Analysis of Bonferroni and Benjamini–Hochberg Procedures in Controlling False Discoveries
The pervasive challenge of controlling Type I errors in multiple hypothesis testing necessitates rigorous methodologies, especially in contexts involving high-throughput data such as microarrays. This paper critically examines the Bonferroni procedure and its comparison with the less conservative Benjamini–Hochberg (BH) method. Contrary to popular belief that the Bonferroni approach is excessively conservative, this paper demonstrates that its perceived limitations may stem from traditional parameter constraints rather than inherent methodological shortcomings.
Context and Objective
Microarray analyses and similar high-throughput technologies often involve testing thousands of hypotheses simultaneously.

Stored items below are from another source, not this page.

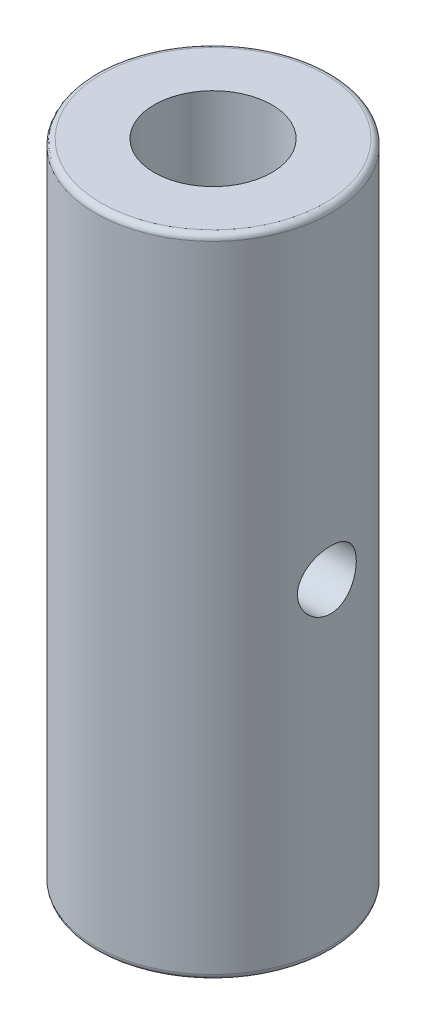
ISO-10303-21;
HEADER;
FILE_DESCRIPTION(('STEP AP214'),'2;1');
FILE_NAME('part.step','',(''),(''),'','','');
FILE_SCHEMA(('AUTOMOTIVE_DESIGN { 1 0 10303 214 1 1 1 1 }'));
ENDSEC;
DATA;
#1=APPLICATION_CONTEXT('core data for automotive mechanical design processes');
#2=APPLICATION_PROTOCOL_DEFINITION('international standard','automotive_design',2000,#1);
#3=PRODUCT_CONTEXT('',#1,'mechanical');
#4=PRODUCT('Part','Part','',(#3));
#5=PRODUCT_RELATED_PRODUCT_CATEGORY('part','',(#4));
#6=PRODUCT_DEFINITION_FORMATION('','',#4);
#7=PRODUCT_DEFINITION_CONTEXT('part definition',#1,'design');
#8=PRODUCT_DEFINITION('design','',#6,#7);
#9=PRODUCT_DEFINITION_SHAPE('','',#8);
#10=(LENGTH_UNIT() NAMED_UNIT(*) SI_UNIT(.MILLI.,.METRE.));
#11=(NAMED_UNIT(*) PLANE_ANGLE_UNIT() SI_UNIT($,.RADIAN.));
#12=(NAMED_UNIT(*) SI_UNIT($,.STERADIAN.) SOLID_ANGLE_UNIT());
#13=UNCERTAINTY_MEASURE_WITH_UNIT(LENGTH_MEASURE(1.E-05),#10,'distance_accuracy_value','');
#14=(GEOMETRIC_REPRESENTATION_CONTEXT(3) GLOBAL_UNCERTAINTY_ASSIGNED_CONTEXT((#13)) GLOBAL_UNIT_ASSIGNED_CONTEXT((#10,
#11,#12)) REPRESENTATION_CONTEXT('',''));
#15=CARTESIAN_POINT('',(0.,0.,0.));
#16=DIRECTION('',(0.,0.,1.));
#17=DIRECTION('',(1.,0.,0.));
#18=AXIS2_PLACEMENT_3D('',#15,#16,#17);
#19=CARTESIAN_POINT('',(0.,110.,0.));
#20=DIRECTION('',(0.,1.,0.));
#21=DIRECTION('',(0.,0.,1.));
#22=AXIS2_PLACEMENT_3D('',#19,#20,#21);
#23=PLANE('',#22);
#24=CARTESIAN_POINT('',(0.,110.,0.));
#25=DIRECTION('',(0.,1.,0.));
#26=DIRECTION('',(0.,0.,1.));
#27=AXIS2_PLACEMENT_3D('',#24,#25,#26);
#28=CIRCLE('',#27,19.);
#29=CARTESIAN_POINT('',(0.,110.,19.));
#30=VERTEX_POINT('',#29);
#31=EDGE_CURVE('E10',#30,#30,#28,.T.);
#32=ORIENTED_EDGE('',*,*,#31,.T.);
#33=EDGE_LOOP('',(#32));
#34=FACE_BOUND('',#33,.T.);
#35=CARTESIAN_POINT('',(0.,110.,0.));
#36=DIRECTION('',(0.,1.,0.));
#37=DIRECTION('',(0.,0.,1.));
#38=AXIS2_PLACEMENT_3D('',#35,#36,#37);
#39=CIRCLE('',#38,10.);
#40=CARTESIAN_POINT('',(0.,110.,10.));
#41=VERTEX_POINT('',#40);
#42=EDGE_CURVE('E59',#41,#41,#39,.T.);
#43=ORIENTED_EDGE('',*,*,#42,.F.);
#44=EDGE_LOOP('',(#43));
#45=FACE_BOUND('',#44,.T.);
#46=ADVANCED_FACE('F39',(#34,#45),#23,.T.);
#47=CARTESIAN_POINT('',(0.,0.,0.));
#48=DIRECTION('',(0.,1.,0.));
#49=DIRECTION('',(0.,0.,1.));
#50=AXIS2_PLACEMENT_3D('',#47,#48,#49);
#51=PLANE('',#50);
#52=CARTESIAN_POINT('',(0.,0.,0.));
#53=DIRECTION('',(0.,1.,0.));
#54=DIRECTION('',(0.,0.,1.));
#55=AXIS2_PLACEMENT_3D('',#52,#53,#54);
#56=CIRCLE('',#55,19.);
#57=CARTESIAN_POINT('',(0.,0.,19.));
#58=VERTEX_POINT('',#57);
#59=EDGE_CURVE('E46',#58,#58,#56,.F.);
#60=ORIENTED_EDGE('',*,*,#59,.T.);
#61=EDGE_LOOP('',(#60));
#62=FACE_BOUND('',#61,.T.);
#63=CARTESIAN_POINT('',(0.,0.,0.));
#64=DIRECTION('',(0.,1.,0.));
#65=DIRECTION('',(0.,0.,1.));
#66=AXIS2_PLACEMENT_3D('',#63,#64,#65);
#67=CIRCLE('',#66,10.);
#68=CARTESIAN_POINT('',(0.,0.,10.));
#69=VERTEX_POINT('',#68);
#70=EDGE_CURVE('E120',#69,#69,#67,.T.);
#71=ORIENTED_EDGE('',*,*,#70,.T.);
#72=EDGE_LOOP('',(#71));
#73=FACE_BOUND('',#72,.T.);
#74=ADVANCED_FACE('F102',(#62,#73),#51,.F.);
#75=CARTESIAN_POINT('',(0.,110.,0.));
#76=DIRECTION('',(0.,-1.,0.));
#77=DIRECTION('',(0.,0.,-1.));
#78=AXIS2_PLACEMENT_3D('',#75,#76,#77);
#79=CYLINDRICAL_SURFACE('',#78,20.);
#80=CARTESIAN_POINT('',(0.,1.,0.));
#81=DIRECTION('',(0.,1.,0.));
#82=DIRECTION('',(0.,0.,1.));
#83=AXIS2_PLACEMENT_3D('',#80,#81,#82);
#84=CIRCLE('',#83,20.);
#85=CARTESIAN_POINT('',(0.,1.,20.));
#86=VERTEX_POINT('',#85);
#87=EDGE_CURVE('E50',#86,#86,#84,.T.);
#88=ORIENTED_EDGE('',*,*,#87,.T.);
#89=EDGE_LOOP('',(#88));
#90=FACE_BOUND('',#89,.T.);
#91=CARTESIAN_POINT('',(0.,109.,0.));
#92=DIRECTION('',(0.,1.,0.));
#93=DIRECTION('',(0.,0.,1.));
#94=AXIS2_PLACEMENT_3D('',#91,#92,#93);
#95=CIRCLE('',#94,20.);
#96=CARTESIAN_POINT('',(0.,109.,20.));
#97=VERTEX_POINT('',#96);
#98=EDGE_CURVE('E54',#97,#97,#95,.F.);
#99=ORIENTED_EDGE('',*,*,#98,.T.);
#100=EDGE_LOOP('',(#99));
#101=FACE_BOUND('',#100,.T.);
#102=CARTESIAN_POINT('',(-20.,50.,0.));
#103=CARTESIAN_POINT('',(-19.9999953289337,50.0000077524605,-0.276253628899103));
#104=CARTESIAN_POINT('',(-19.9942192710609,50.0229718359126,-0.552593859435876));
#105=CARTESIAN_POINT('',(-19.9717371276631,50.11408383769,-1.09735441256844));
#106=CARTESIAN_POINT('',(-19.9550248473325,50.1822573651262,-1.3657701562358));
#107=CARTESIAN_POINT('',(-19.9125208777344,50.361464178207,-1.88673624060859));
#108=CARTESIAN_POINT('',(-19.8867400947353,50.4724459957176,-2.13930521143334));
#109=CARTESIAN_POINT('',(-19.8288447935874,50.7339379668161,-2.62224043968142));
#110=CARTESIAN_POINT('',(-19.7967300618052,50.8844494537299,-2.85260594782921));
#111=CARTESIAN_POINT('',(-19.7289137863898,51.2240026321806,-3.28933975766972));
#112=CARTESIAN_POINT('',(-19.6931569049375,51.4137052498635,-3.49518563353685));
#113=CARTESIAN_POINT('',(-19.6224540039312,51.8248406830301,-3.87249642401106));
#114=CARTESIAN_POINT('',(-19.5875080763289,52.0462770764898,-4.0439574564973));
#115=CARTESIAN_POINT('',(-19.5218258566056,52.51865075579,-4.35008847599658));
#116=CARTESIAN_POINT('',(-19.4911598154937,52.7699774360291,-4.4841740530838));
#117=CARTESIAN_POINT('',(-19.4383164939339,53.2924947055334,-4.70798969516914));
#118=CARTESIAN_POINT('',(-19.4161378564806,53.5636821111067,-4.79772685146713));
#119=CARTESIAN_POINT('',(-19.3833492232108,54.1124783273389,-4.92851612268255));
#120=CARTESIAN_POINT('',(-19.372516366567,54.38984965346,-4.97050756110684));
#121=CARTESIAN_POINT('',(-19.362978748653,54.9478952299978,-5.00753925022136));
#122=CARTESIAN_POINT('',(-19.3642720142643,55.2285689356405,-5.0025871393937));
#123=CARTESIAN_POINT('',(-19.3786401838939,55.7780526924845,-4.94662174879902));
#124=CARTESIAN_POINT('',(-19.3914287669098,56.0469854048844,-4.89672780063545));
#125=CARTESIAN_POINT('',(-19.426890322369,56.5725368363702,-4.75408062300998));
#126=CARTESIAN_POINT('',(-19.4495639989746,56.8291546767631,-4.66132434023131));
#127=CARTESIAN_POINT('',(-19.5025037968553,57.3257933875071,-4.43463159312395));
#128=CARTESIAN_POINT('',(-19.5328442489939,57.5656205726319,-4.3002888907764));
#129=CARTESIAN_POINT('',(-19.5976570281997,58.0197290325227,-3.99452092004982));
#130=CARTESIAN_POINT('',(-19.6321300778209,58.2340058268908,-3.82308916269612));
#131=CARTESIAN_POINT('',(-19.7025293513297,58.637345385648,-3.44221141560407));
#132=CARTESIAN_POINT('',(-19.7384689826,58.8255149668712,-3.23182086055287));
#133=CARTESIAN_POINT('',(-19.8068655192919,59.164070808213,-2.78203972501233));
#134=CARTESIAN_POINT('',(-19.8393223183136,59.3144559142119,-2.54264825902648));
#135=CARTESIAN_POINT('',(-19.897257736473,59.5735019540813,-2.04038629560464));
#136=CARTESIAN_POINT('',(-19.9227120042576,59.6820178008481,-1.77743797736208));
#137=CARTESIAN_POINT('',(-19.9635972330472,59.8530576856986,-1.23625336047628));
#138=CARTESIAN_POINT('',(-19.9790301113094,59.9155905213938,-0.958019997168283));
#139=CARTESIAN_POINT('',(-19.9978499757125,59.9915252185295,-0.401799901300092));
#140=CARTESIAN_POINT('',(-20.0015351169426,60.006143420251,-0.12398906662737));
#141=CARTESIAN_POINT('',(-19.9972934938151,59.9891699931484,0.430109582671692));
#142=CARTESIAN_POINT('',(-19.9893677747284,59.9575825240029,0.706397532148652));
#143=CARTESIAN_POINT('',(-19.9629860375783,59.8500969720287,1.24538089592163));
#144=CARTESIAN_POINT('',(-19.9446878061929,59.7748624550768,1.50821706322917));
#145=CARTESIAN_POINT('',(-19.899623554472,59.5829763865718,2.01752430817505));
#146=CARTESIAN_POINT('',(-19.8728566789995,59.4663206522893,2.26399373010884));
#147=CARTESIAN_POINT('',(-19.8131102642072,59.1925462370844,2.73841044809943));
#148=CARTESIAN_POINT('',(-19.7800289122193,59.0347462920114,2.96595147278588));
#149=CARTESIAN_POINT('',(-19.7114836395924,58.6840336373428,3.39175537881104));
#150=CARTESIAN_POINT('',(-19.676019308434,58.4911148679412,3.59001319657751));
#151=CARTESIAN_POINT('',(-19.6056318986475,58.0699934638543,3.95663522690826));
#152=CARTESIAN_POINT('',(-19.57074347274,57.8410409900013,4.12414622540362));
#153=CARTESIAN_POINT('',(-19.5064292794107,57.3575578851049,4.41836919671214));
#154=CARTESIAN_POINT('',(-19.4770032695336,57.1030283900992,4.54508298053823));
#155=CARTESIAN_POINT('',(-19.4272698238587,56.5769809253119,4.75317140202426));
#156=CARTESIAN_POINT('',(-19.4069085073875,56.3055745722898,4.83481465547784));
#157=CARTESIAN_POINT('',(-19.3775581342603,55.7523012071515,4.95115219981056));
#158=CARTESIAN_POINT('',(-19.3685665905607,55.4704364966046,4.98585675825595));
#159=CARTESIAN_POINT('',(-19.3631633735661,54.9129299204403,5.00679530111928));
#160=CARTESIAN_POINT('',(-19.366397756045,54.6373418828544,4.99439299259115));
#161=CARTESIAN_POINT('',(-19.3842636317313,54.092320371061,4.92459092769654));
#162=CARTESIAN_POINT('',(-19.3988948958968,53.8228867732805,4.86719207562106));
#163=CARTESIAN_POINT('',(-19.4377086899187,53.2993051364666,4.70977106481402));
#164=CARTESIAN_POINT('',(-19.461833841343,53.0450756492041,4.61000468226918));
#165=CARTESIAN_POINT('',(-19.5169251906949,52.5567820576162,4.37088304534897));
#166=CARTESIAN_POINT('',(-19.5478923373231,52.3227207560423,4.23152230011362));
#167=CARTESIAN_POINT('',(-19.6141878088207,51.8748179033279,3.91289249545747));
#168=CARTESIAN_POINT('',(-19.6496088277351,51.6616630885872,3.73267720970761));
#169=CARTESIAN_POINT('',(-19.7202675748663,51.2681765173483,3.33929790396569));
#170=CARTESIAN_POINT('',(-19.755505257566,51.08785256629,3.12612607087046));
#171=CARTESIAN_POINT('',(-19.8225885215915,50.7619623047847,2.66822528900866));
#172=CARTESIAN_POINT('',(-19.8543611121963,50.6170846210948,2.42299474105463));
#173=CARTESIAN_POINT('',(-19.9101641658366,50.3708417901982,1.91088686503491));
#174=CARTESIAN_POINT('',(-19.9342001733259,50.2694454645049,1.6440252114558));
#175=CARTESIAN_POINT('',(-19.9682686521849,50.1280938989012,1.14803417747824));
#176=CARTESIAN_POINT('',(-19.9800861684231,50.0801625231552,0.921267236360231));
#177=CARTESIAN_POINT('',(-19.9959535077316,50.0161135212602,0.463020238454278));
#178=CARTESIAN_POINT('',(-20.0000039150298,49.9999935023157,0.231540537475388));
#179=CARTESIAN_POINT('',(-20.,50.,0.));
#180=B_SPLINE_CURVE_WITH_KNOTS('',3,(#102,#103,#104,#105,#106,#107,#108,#109,#110,#111,#112,
#113,#114,#115,#116,#117,#118,#119,#120,#121,#122,#123,#124,#125,#126,#127,#128,#129,#130,#131,
#132,#133,#134,#135,#136,#137,#138,#139,#140,#141,#142,#143,#144,#145,#146,#147,#148,#149,#150,
#151,#152,#153,#154,#155,#156,#157,#158,#159,#160,#161,#162,#163,#164,#165,#166,#167,#168,#169,
#170,#171,#172,#173,#174,#175,#176,#177,#178,#179),.UNSPECIFIED.,.T.,.F.,(4,2,2,2,2,2,2,2,2,2,2,
2,2,2,2,2,2,2,2,2,2,2,2,2,2,2,2,2,2,2,2,2,2,2,2,2,2,2,4),(0.,0.827912374906298,1.65629412587966,
2.48368300762035,3.31109980056443,4.1538145145713,4.99662431933539,5.85195491819355,
6.70714870564561,7.54520983670233,8.38313460386726,9.20074990034462,10.0184234489786,
10.84435092924,11.6704230279828,12.5200500324113,13.3697029853856,14.2222743004145,
15.0746824563988,15.9052769650866,16.7357967038688,17.5540091505786,18.372304244187,
19.2051195856224,20.0380787670447,20.8914836402599,21.7448506250943,22.5930751539527,
23.4411141086095,24.2647926801851,25.0884546987996,25.9072133522466,26.7260856048284,
27.5663192139287,28.4067523259457,29.2624061835847,30.1174454609767,30.8114080983367,
31.5053185350331),.UNSPECIFIED.);
#181=CARTESIAN_POINT('',(-20.,50.,0.));
#182=VERTEX_POINT('',#181);
#183=EDGE_CURVE('E93',#182,#182,#180,.T.);
#184=ORIENTED_EDGE('',*,*,#183,.T.);
#185=EDGE_LOOP('',(#184));
#186=FACE_BOUND('',#185,.T.);
#187=CARTESIAN_POINT('',(19.3649167310371,55.,-5.));
#188=CARTESIAN_POINT('',(19.3649220017572,54.7238984981468,-4.99999215718614));
#189=CARTESIAN_POINT('',(19.3708861202919,54.447710202643,-4.9770524909953));
#190=CARTESIAN_POINT('',(19.3940372398513,53.903264843653,-4.88604625092758));
#191=CARTESIAN_POINT('',(19.4112307724326,53.6350124910636,-4.81795341348421));
#192=CARTESIAN_POINT('',(19.454774491923,53.1143929236256,-4.63898239926408));
#193=CARTESIAN_POINT('',(19.4811128538092,52.8620056892286,-4.52815945570898));
#194=CARTESIAN_POINT('',(19.5399638405752,52.3793782949202,-4.26704228252277));
#195=CARTESIAN_POINT('',(19.5724767275698,52.1491390758396,-4.11674637712137));
#196=CARTESIAN_POINT('',(19.6408143271125,51.7122767094756,-3.77741685462377));
#197=CARTESIAN_POINT('',(19.6766919524607,51.5062127992999,-3.5876737754081));
#198=CARTESIAN_POINT('',(19.7472575103059,51.1284772112793,-3.17636412820133));
#199=CARTESIAN_POINT('',(19.7819453313278,50.9568087487565,-2.95479458836061));
#200=CARTESIAN_POINT('',(19.8468083104116,50.6504490647374,-2.48229040215791));
#201=CARTESIAN_POINT('',(19.8769137480118,50.5163072236771,-2.23098915239024));
#202=CARTESIAN_POINT('',(19.9286162385197,50.2923807116938,-1.70852636858552));
#203=CARTESIAN_POINT('',(19.9502145466869,50.202589496169,-1.43736777158388));
#204=CARTESIAN_POINT('',(19.9820951769636,50.0717043308428,-0.888717517508322));
#205=CARTESIAN_POINT('',(19.9925978768862,50.0296607113468,-0.611465439097951));
#206=CARTESIAN_POINT('',(20.001871882146,49.9924832414489,-0.0536576385255367));
#207=CARTESIAN_POINT('',(20.0006449219342,49.9973424555808,0.226897589076142));
#208=CARTESIAN_POINT('',(19.9867618990705,50.0531497005003,0.776761235861931));
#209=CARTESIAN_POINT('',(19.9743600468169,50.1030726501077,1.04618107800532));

The classical Bonferroni method, despite its popularity, has been criticized for being too conservative, especially when the family-wise error rate (FWER) control is the primary concern. Various approaches like the false discovery rate (FDR), introduced by Benjamini and Hochberg, offer less stringent control, prioritizing exploratory analysis over strict Type I error regulation. The present paper revisits the Bonferroni method, advocating its utility and stability in controlling the per family error rate (PFER).
Methodological Insights
The authors present an extended interpretation of the Bonferroni procedure, which focuses on controlling the PFER rather than the probability of at least one false discovery. This reinterpretation aims to clarify the misconception of its excessive conservatism. The paper highlights that when adjusted appropriately, the Bonferroni procedure's outcomes are highly correlated to those of the BH procedure. Through simulated data, they demonstrate that both procedures can achieve comparable levels of FDR and PFER, with Bonferroni providing a potentially higher stability in terms of variance in total numbers of discoveries, particularly in correlated datasets.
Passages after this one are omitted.